As evidence of this, Ashton cites failed studies that sought a correlation between intelligence and creativity. If the latter requires genius, then people identified by intelligence tests as most intelligent ought to be the most creative. Time and again, attempts by researchers to show this failed. Instead, creativity stems from the same path for everyone: a step-by-step process involving a lot of hard work. 

Chapter 2 Summary: “Thinking Is Like Walking”

Ashton goes a step further in Chapter 2 by asserting that not only is creating the same as ordinary thinking, but thinking is like walking: everyone does it in the same way. He traces this back to an academic named Otto Selz in Berlin during the Weimar Republic, whose ideas bore fruit in America via researchers Karl Duncker and David Krech. Duncker published his book On Problem Solving in 1935, which showed how innovative solutions required step-by-step thinking rather than a flash of insight.

To test this, Duncker had given high school students a number of problems to solve. The most famous is known as the “Candle Problem” or the “Box Problem.” Students had to figure out how to attach a candle to a wooden door so that it burns normally if all they had was a candle, some tacks, and a box of matches.

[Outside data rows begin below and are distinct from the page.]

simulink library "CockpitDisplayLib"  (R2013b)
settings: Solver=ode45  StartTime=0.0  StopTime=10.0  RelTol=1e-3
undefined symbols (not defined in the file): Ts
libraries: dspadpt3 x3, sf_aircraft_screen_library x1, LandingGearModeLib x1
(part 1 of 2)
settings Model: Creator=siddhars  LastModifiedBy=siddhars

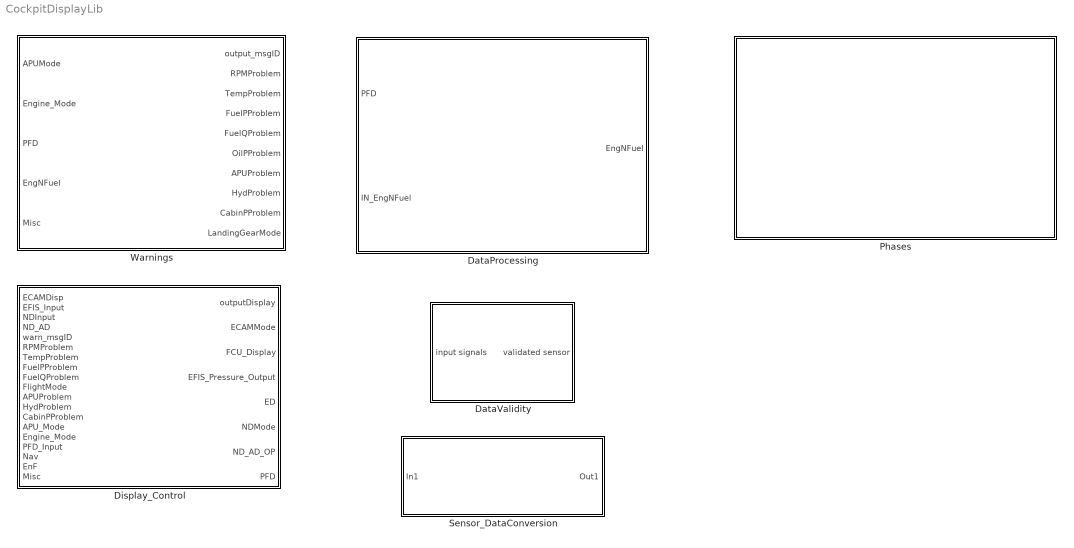
== system CockpitDisplayLib ==
  DataProcessing : Stateflow chart  TreatAsAtomicUnit=on
  DataValidity : Subsystem
  Display_Control : Stateflow chart  TreatAsAtomicUnit=on
  Phases : Stateflow chart  TreatAsAtomicUnit=on
  Sensor_DataConversion : Subsystem  mask{noise_factor=1}
      mask prompts: noise_factor "noise factor"
      mask Callback noise_factor: noise_factor = 1;
  Warnings : Stateflow chart  Priority=0  TreatAsAtomicUnit=on

== system CockpitDisplayLib/DataProcessing/RPMCalc.signal_conditioning ==
  RPM : Inport  OutDataTypeStr=double  PortDimensions=[3 1]
  f : TriggerPort  TriggerType=function-call
      settings: CopyFcn=Stateflow.SLINSF.SimulinkMan.removeBlockPreDeleteFcn  PreDeleteFcn=Stateflow.SLINSF.SimulinkMan.unsafePredeleteFcn
  DataValidity : sf_aircraft_screen_library/Position Monitor, (No Filter)
  Out : Outport
  wires:
  DataValidity/1 -> Out/1
  RPM/1 -> DataValidity/1

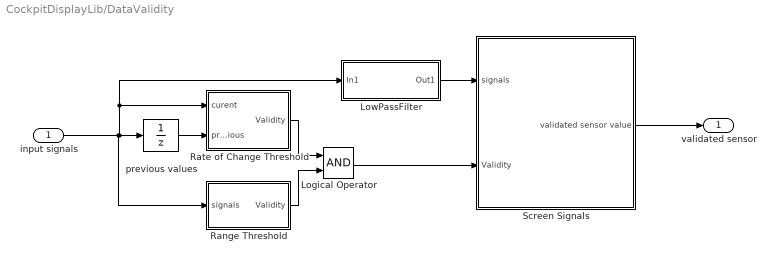
== system CockpitDisplayLib/DataValidity ==
  input signals : Inport  PortDimensions=3
  Logical Operator : Logic  AllPortsSameDT=off
  LowPassFilter : Subsystem
  Range Threshold : Subsystem  RequirementInfo={'other' 'Position Sensor Logic Requirements.doc' 'Out of Bound Readings' 'true' 'Out of Bound Readings' '' } %GIDa_9464ebc1_75a4_4fc1_b22e_333f2b8b1e7f
  Rate of Change Threshold : Subsystem  RequirementInfo={'other' 'Position Sensor Logic Requirements.doc' 'Rate of Change of Readings' 'true' 'Rate of Change of Readings' '' } %GIDa_c48669ac_f48f_472f_ad85_0df61b6d7184  mask{max_rate_change=20000}
      mask prompts: max_rate_change "Rate Change Threshold"
  Screen Signals : Subsystem
  previous values : UnitDelay  SampleTime=-1
  validated sensor : Outport
  wires:
  LowPassFilter/1(Out1) -> Screen Signals/1(signals)
  Screen Signals/1(validated sensor value) -> validated sensor/1
  input signals/1 -> Range Threshold/1(signals), previous values/1, Rate of Change Threshold/1(curent), LowPassFilter/1(In1)
  previous values/1 -> Rate of Change Threshold/2(previous)
  Range Threshold/1(Validity) -> Logical Operator/2
  Rate of Change Threshold/1(Validity) -> Logical Operator/1
  Logical Operator/1 -> Screen Signals/2(Validity)

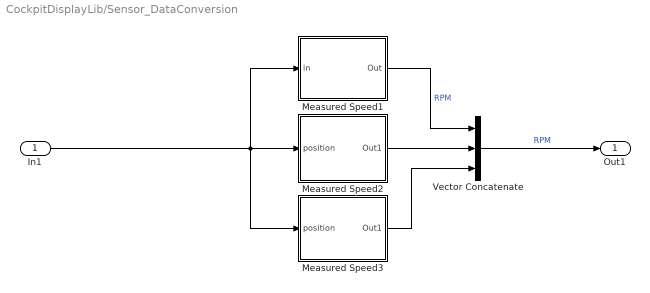
== system CockpitDisplayLib/Sensor_DataConversion ==
  In1 : Inport
  Measured Speed1 : Subsystem
  Measured Speed2 : Subsystem
  Measured Speed3 : Subsystem
  Vector Concatenate : Concatenate  NumInputs=3
  Out1 : Outport
  wires:
  Measured Speed1/1(Out) -> Vector Concatenate/1  "RPM"
  Vector Concatenate/1 -> Out1/1  "RPM"
  Measured Speed3/1(Out1) -> Vector Concatenate/3
  In1/1 -> Measured Speed3/1(position), Measured Speed1/1(in), Measured Speed2/1(position)
  Measured Speed2/1(Out1) -> Vector Concatenate/2

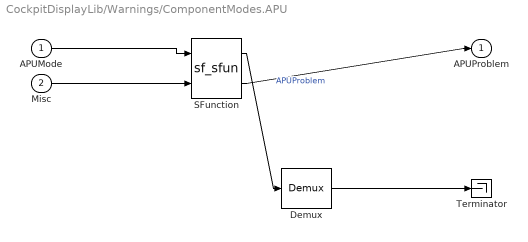
== system CockpitDisplayLib/Warnings/ComponentModes.APU ==
  APUMode : Inport
  Misc : Inport  Port=2
  " Demux " : Demux  Outputs=1
  " SFunction " : S-Function  Tag=Stateflow S-Function CockpitDisplayLib 10  FunctionName=sf_sfun  PortCounts=[2 2]  EnableBusSupport=off
  " Terminator " : Terminator
  APUProblem : Outport
  wires:
  APUMode/1 -> " SFunction "/1
  Misc/1 -> " SFunction "/2
  " SFunction "/2 -> APUProblem/1  "APUProblem"
  " Demux "/1 -> " Terminator "/1
  " SFunction "/1 -> " Demux "/1

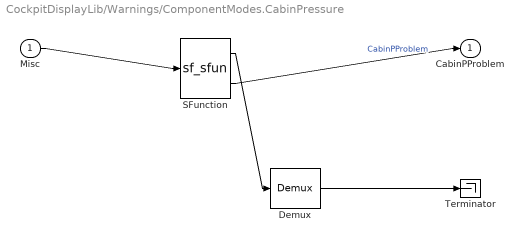
== system CockpitDisplayLib/Warnings/ComponentModes.CabinPressure ==
  Misc : Inport
  " Demux " : Demux  Outputs=1
  " SFunction " : S-Function  Tag=Stateflow S-Function CockpitDisplayLib 11  FunctionName=sf_sfun  PortCounts=[1 2]  EnableBusSupport=off
  " Terminator " : Terminator
  CabinPProblem : Outport
  wires:
  Misc/1 -> " SFunction "/1
  " SFunction "/2 -> CabinPProblem/1  "CabinPProblem"
  " Demux "/1 -> " Terminator "/1
  " SFunction "/1 -> " Demux "/1

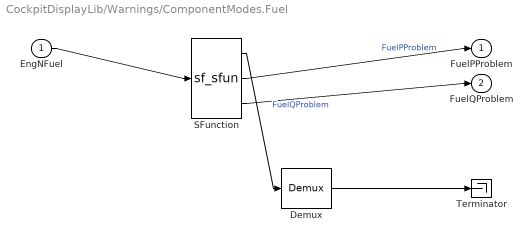
== system CockpitDisplayLib/Warnings/ComponentModes.Fuel ==
  EngNFuel : Inport
  " Demux " : Demux  Outputs=1
  " SFunction " : S-Function  Tag=Stateflow S-Function CockpitDisplayLib 2  FunctionName=sf_sfun  PortCounts=[1 3]  EnableBusSupport=off
  " Terminator " : Terminator
  FuelPProblem : Outport
  FuelQProblem : Outport  Port=2
  wires:
  EngNFuel/1 -> " SFunction "/1
  " SFunction "/2 -> FuelPProblem/1  "FuelPProblem"
  " SFunction "/3 -> FuelQProblem/1  "FuelQProblem"
  " Demux "/1 -> " Terminator "/1
  " SFunction "/1 -> " Demux "/1

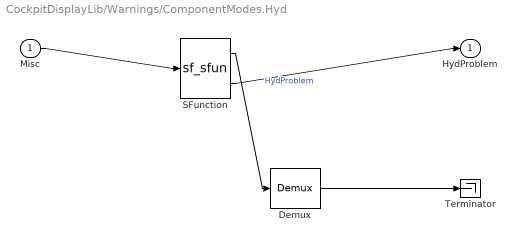
== system CockpitDisplayLib/Warnings/ComponentModes.Hyd ==
  Misc : Inport
  " Demux " : Demux  Outputs=1
  " SFunction " : S-Function  Tag=Stateflow S-Function CockpitDisplayLib 13  FunctionName=sf_sfun  PortCounts=[1 2]  EnableBusSupport=off
  " Terminator " : Terminator
  HydProblem : Outport
  wires:
  Misc/1 -> " SFunction "/1
  " SFunction "/2 -> HydProblem/1  "HydProblem"
  " Demux "/1 -> " Terminator "/1
  " SFunction "/1 -> " Demux "/1

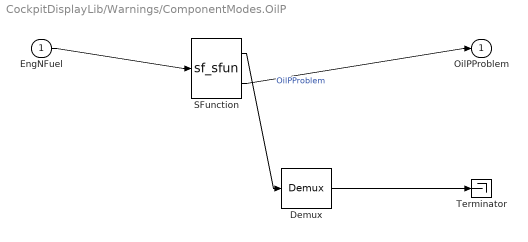
== system CockpitDisplayLib/Warnings/ComponentModes.OilP ==
  EngNFuel : Inport
  " Demux " : Demux  Outputs=1
  " SFunction " : S-Function  Tag=Stateflow S-Function CockpitDisplayLib 15  FunctionName=sf_sfun  PortCounts=[1 2]  EnableBusSupport=off
  " Terminator " : Terminator
  OilPProblem : Outport
  wires:
  EngNFuel/1 -> " SFunction "/1
  " SFunction "/2 -> OilPProblem/1  "OilPProblem"
  " Demux "/1 -> " Terminator "/1
  " SFunction "/1 -> " Demux "/1

== system CockpitDisplayLib/Warnings/ComponentModes.RPM ==
  EngNFuel : Inport
  " Demux " : Demux  Outputs=1
  " SFunction " : S-Function  Tag=Stateflow S-Function CockpitDisplayLib 16  FunctionName=sf_sfun  PortCounts=[1 2]  EnableBusSupport=off
  " Terminator " : Terminator
  RPMProblem : Outport
  wires:
  EngNFuel/1 -> " SFunction "/1
  " SFunction "/2 -> RPMProblem/1  "RPMProblem"
  " Demux "/1 -> " Terminator "/1
  " SFunction "/1 -> " Demux "/1

== system CockpitDisplayLib/Warnings/ComponentModes.Temp ==
  EngNFuel : Inport
  " Demux " : Demux  Outputs=1
  " SFunction " : S-Function  Tag=Stateflow S-Function CockpitDisplayLib 17  FunctionName=sf_sfun  PortCounts=[1 2]  EnableBusSupport=off
  " Terminator " : Terminator
  TempProblem : Outport
  wires:
  EngNFuel/1 -> " SFunction "/1
  " SFunction "/2 -> TempProblem/1  "TempProblem"
  " Demux "/1 -> " Terminator "/1
  " SFunction "/1 -> " Demux "/1

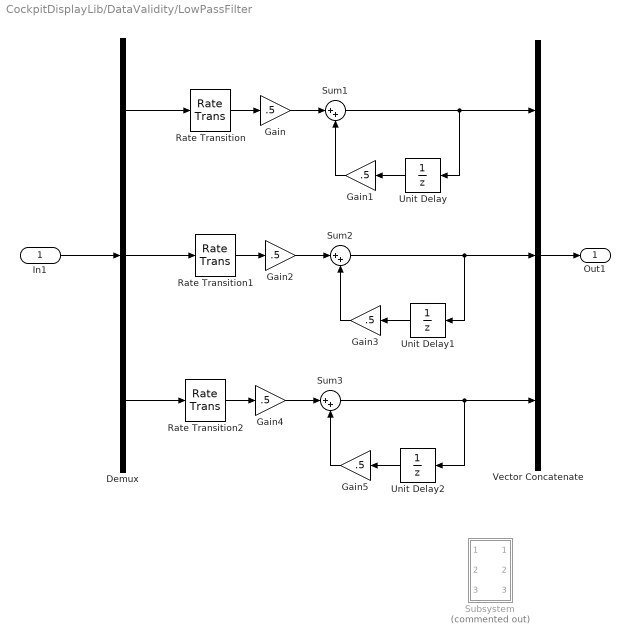
== system CockpitDisplayLib/DataValidity/LowPassFilter ==
  In1 : Inport
  Demux : Demux  Outputs=3
  Gain{,1..5} (6 alike) : Gain  Gain=.5
  Rate Transition : RateTransition
  Rate Transition1 : RateTransition
  Rate Transition2 : RateTransition
  Subsystem : Subsystem  Commented=on
  Sum1 : Sum  Inputs=|++
  Sum2 : Sum  Inputs=|++
  Sum3 : Sum  Inputs=|++
  Unit Delay : UnitDelay  SampleTime=-1
  Unit Delay1 : UnitDelay  SampleTime=-1
  Unit Delay2 : UnitDelay  SampleTime=-1
  Vector Concatenate : Concatenate  NumInputs=3
  Out1 : Outport
  wires:
  Rate Transition2/1 -> Gain4/1
  Gain5/1 -> Sum3/2
  Unit Delay2/1 -> Gain5/1
  Gain4/1 -> Sum3/1
  Demux/3 -> Rate Transition2/1
  Sum3/1 -> Unit Delay2/1, Vector Concatenate/3
  Rate Transition1/1 -> Gain2/1
  Gain3/1 -> Sum2/2
  Unit Delay1/1 -> Gain3/1
  Gain2/1 -> Sum2/1
  Demux/2 -> Rate Transition1/1
  Sum2/1 -> Unit Delay1/1, Vector Concatenate/2
  Rate Transition/1 -> Gain/1
  Gain1/1 -> Sum1/2
  Unit Delay/1 -> Gain1/1
  Gain/1 -> Sum1/1
  Demux/1 -> Rate Transition/1
  Sum1/1 -> Vector Concatenate/1, Unit Delay/1
  In1/1 -> Demux/1
  Vector Concatenate/1 -> Out1/1

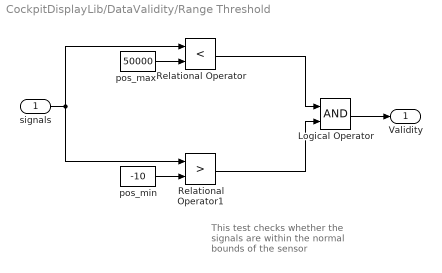
== system CockpitDisplayLib/DataValidity/Range Threshold ==
  note: This test checks whether the signals are within
      | the normal bounds of the sensor
  signals : Inport
  Logical Operator : Logic  AllPortsSameDT=off
  Relational Operator : RelationalOperator  Operator=<
  Relational Operator1 : RelationalOperator  Operator=>
  pos_max : Constant  Value=50000
  pos_min : Constant  Value=-10
  Validity : Outport
  wires:
  Logical Operator/1 -> Validity/1
  pos_min/1 -> Relational Operator1/2
  pos_max/1 -> Relational Operator/2
  Relational Operator1/1 -> Logical Operator/2
  Relational Operator/1 -> Logical Operator/1
  signals/1 -> Relational Operator1/1, Relational Operator/1

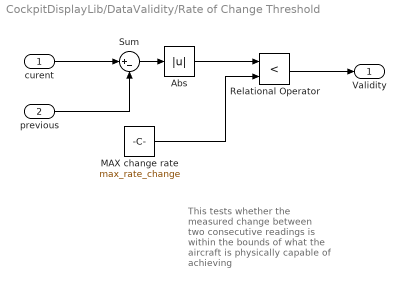
== system CockpitDisplayLib/DataValidity/Rate of Change Threshold ==
  note: This tests whether the measured change between two consecutive readings
      | is within the bounds of what the aircraft is physically capable of achieving
  curent : Inport
  previous : Inport  Port=2
  Abs : Abs  SaturateOnIntegerOverflow=on
  MAX change rate : Constant  Value=max_rate_change
  Relational Operator : RelationalOperator  Operator=<  OutDataTypeStr=boolean
  Sum : Sum  Inputs=|+-  SaturateOnIntegerOverflow=on
  Validity : Outport
  wires:
  curent/1 -> Sum/1
  previous/1 -> Sum/2
  Relational Operator/1 -> Validity/1
  MAX change rate/1 -> Relational Operator/2
  Sum/1 -> Abs/1
  Abs/1 -> Relational Operator/1

== system CockpitDisplayLib/DataValidity/Screen Signals ==
  signals : Inport
  Validity : Inport  Port=2
  Chart (MATLAB) : Stateflow chart  TreatAsAtomicUnit=on
  Data Type Conversion : DataTypeConversion  OutDataTypeStr=double
  validated sensor value : Outport
  wires:
  Chart (MATLAB)/1(valid_signal) -> validated sensor value/1
  Validity/1 -> Data Type Conversion/1
  signals/1 -> Chart (MATLAB)/1(signals)
  Data Type Conversion/1 -> Chart (MATLAB)/2(validity)

== system CockpitDisplayLib/Sensor_DataConversion/Measured Speed1 ==
  in : Inport
  Random Number : RandomNumber  Variance=.001*noise_factor  SampleTime=Ts
  Sum1 : Sum  Inputs=|++  SaturateOnIntegerOverflow=on
  Out : Outport
  wires:
  Sum1/1 -> Out/1
  in/1 -> Sum1/1
  Random Number/1 -> Sum1/2

== system CockpitDisplayLib/Sensor_DataConversion/Measured Speed2 ==
  position : Inport
  Random Number : RandomNumber  Variance=.001*noise_factor  SampleTime=Ts
  Sum1 : Sum  Inputs=|++  SaturateOnIntegerOverflow=on
  Out1 : Outport
  wires:
  Random Number/1 -> Sum1/2
  position/1 -> Sum1/1
  Sum1/1 -> Out1/1

== system CockpitDisplayLib/Sensor_DataConversion/Measured Speed3 ==
  position : Inport
  Random Number : RandomNumber  Variance=.001*noise_factor  SampleTime=Ts
  Sum : Sum  Inputs=|++  SaturateOnIntegerOverflow=on
  Out1 : Outport
  wires:
  Sum/1 -> Out1/1
  position/1 -> Sum/1
  Random Number/1 -> Sum/2

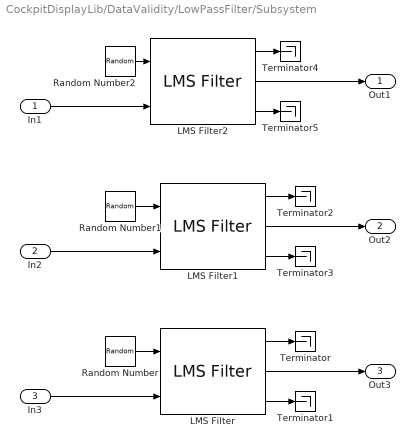
== system CockpitDisplayLib/DataValidity/LowPassFilter/Subsystem ==
  In1 : Inport
  In2 : Inport  Port=2
  In3 : Inport  Port=3
  LMS Filter : dspadpt3/LMS Filter  Algo=LMS  L=2  stepflag=Dialog  mu=0.1  leakage=1.0  ic=0  Adapt=off  resetflag=None  weights=on  secondCoeffMode=User-defined  secondCoeffWordLength=2  secondCoeffFracLength=15  accum2Mode=User-defined  accum2FracLength=20  prodOutput2Mode=User-defined  prodOutput2FracLength=20  prodOutput3Mode=User-defined  prodOutput3FracLength=20  prodOutput4Mode=User-defined  prodOutput4FracLength=20  quotientMode=User-defined  quotientFracLength=20  roundingMode=Floor  overflowMode=off  addnparflag=off
  LMS Filter1 : dspadpt3/LMS Filter  Algo=LMS  L=2  stepflag=Dialog  mu=0.1  leakage=1.0  ic=0  Adapt=off  resetflag=None  weights=on  secondCoeffMode=User-defined  secondCoeffWordLength=2  secondCoeffFracLength=15  accum2Mode=User-defined  accum2FracLength=20  prodOutput2Mode=User-defined  prodOutput2FracLength=20  prodOutput3Mode=User-defined  prodOutput3FracLength=20  prodOutput4Mode=User-defined  prodOutput4FracLength=20  quotientMode=User-defined  quotientFracLength=20  roundingMode=Floor  overflowMode=off  addnparflag=off
  LMS Filter2 : dspadpt3/LMS Filter  Algo=LMS  L=2  stepflag=Dialog  mu=0.1  leakage=1.0  ic=0  Adapt=off  resetflag=None  weights=on  secondCoeffMode=User-defined  secondCoeffWordLength=2  secondCoeffFracLength=15  accum2Mode=User-defined  accum2FracLength=20  prodOutput2Mode=User-defined  prodOutput2FracLength=20  prodOutput3Mode=User-defined  prodOutput3FracLength=20  prodOutput4Mode=User-defined  prodOutput4FracLength=20  quotientMode=User-defined  quotientFracLength=20  roundingMode=Floor  overflowMode=off  addnparflag=off
  Random Number : RandomNumber  Variance=0.01  SampleTime=Ts
  Random Number1 : RandomNumber  Variance=0.01  SampleTime=Ts
  Random Number2 : RandomNumber  Variance=0.01  SampleTime=Ts
  Terminator{,1..5} (6 alike) : Terminator
  Out1 : Outport
  Out2 : Outport  Port=2
  Out3 : Outport  Port=3
  wires:
  LMS Filter2/1 -> Terminator4/1
  LMS Filter2/3 -> Terminator5/1
  Random Number2/1 -> LMS Filter2/1
  LMS Filter1/1 -> Terminator2/1
  Random Number1/1 -> LMS Filter1/1
  LMS Filter/3 -> Terminator1/1
  LMS Filter1/3 -> Terminator3/1
  LMS Filter/2 -> Out3/1
  LMS Filter2/2 -> Out1/1
  In1/1 -> LMS Filter2/2
  In3/1 -> LMS Filter/2
  In2/1 -> LMS Filter1/2
  LMS Filter1/2 -> Out2/1
  Random Number/1 -> LMS Filter/1
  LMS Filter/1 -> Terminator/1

The solution lies in thinking about the box of matches in a way that is different from its intended use: empty the box, tack it to the door, and stand the candle up in it. The fact that most people don’t figure this out shows that “old ideas obstruct new ones” (32). Later studies with the same problem had the subjects say their thought process out loud, and they all worked the same way, moving in small steps from the known to the new.

Duncker claimed that creating started with one of two question: “‘Why doesn’t it work?’ or, ‘What should I change to make it work?’” (44). Sometimes it’s not obvious that something is not working, and Ashton cautions against complacency. This, he says, was the brilliance of Steve Jobs of Apple Computers: He was never satisfied and constantly tried to improve upon products that appeared to be successful. Some think that having a really good idea to begin with makes Duncker’s questions moot, but Ashton argues that an idea is different from creation because the latter is the result of action. A famous example is the Wright brothers. Many people thought of human flight before they did, but only they were able to work through the solution step by step to successfully make it happen: That’s creation.

Preface-Chapter 2 Analysis

These opening chapters present Ashton’s main theme and the book’s overall thesis: that creativity is a natural human trait and the result of hard work rather than mystical inspiration. The Preface serves to introduce this “creativity myth” as well as Ashton’s early belief in it. This helps the reader to identify with him before he presents his “conversion experience” and explains why this widespread myth is wrong.

Once Ashton reveals the work that caused him to rethink creativity, he explains his new perspective in detail in the first two chapters. First, he works to convince readers that creating is ordinary—in fact, inherent in humans. He explains that about 50,000 years ago Homo sapiens began to improve upon tools that had been largely unchanged for hundreds of thousands of years. No one knows why, according to Ashton, but ever since then, creating new things is a part of our DNA. He gives ample examples of things most people probably take for granted that are proof of the creative nature of humans.

The second chapter uses research to illustrate that being creative takes no special skills. It’s one and the same with thinking, and the process for doing it is the same for everyone, just like walking. There is no “trick” to it or magical “aha!” moment—just ordinary step after ordinary step. Both chapters are heavy on research, but especially Chapter 2. The author wants to emphasize that his ideas about creativity are not merely opinion but backed up by extensive research. In fact, he bolsters them with “failed” research as well. Many people have tried to prove a link between intelligence and creativity (to establish the notion of “genius”) but have failed. After presenting his main theme in the Preface and first two chapters, Ashton then branches off into other aspects of the creative process in the remaining chapters.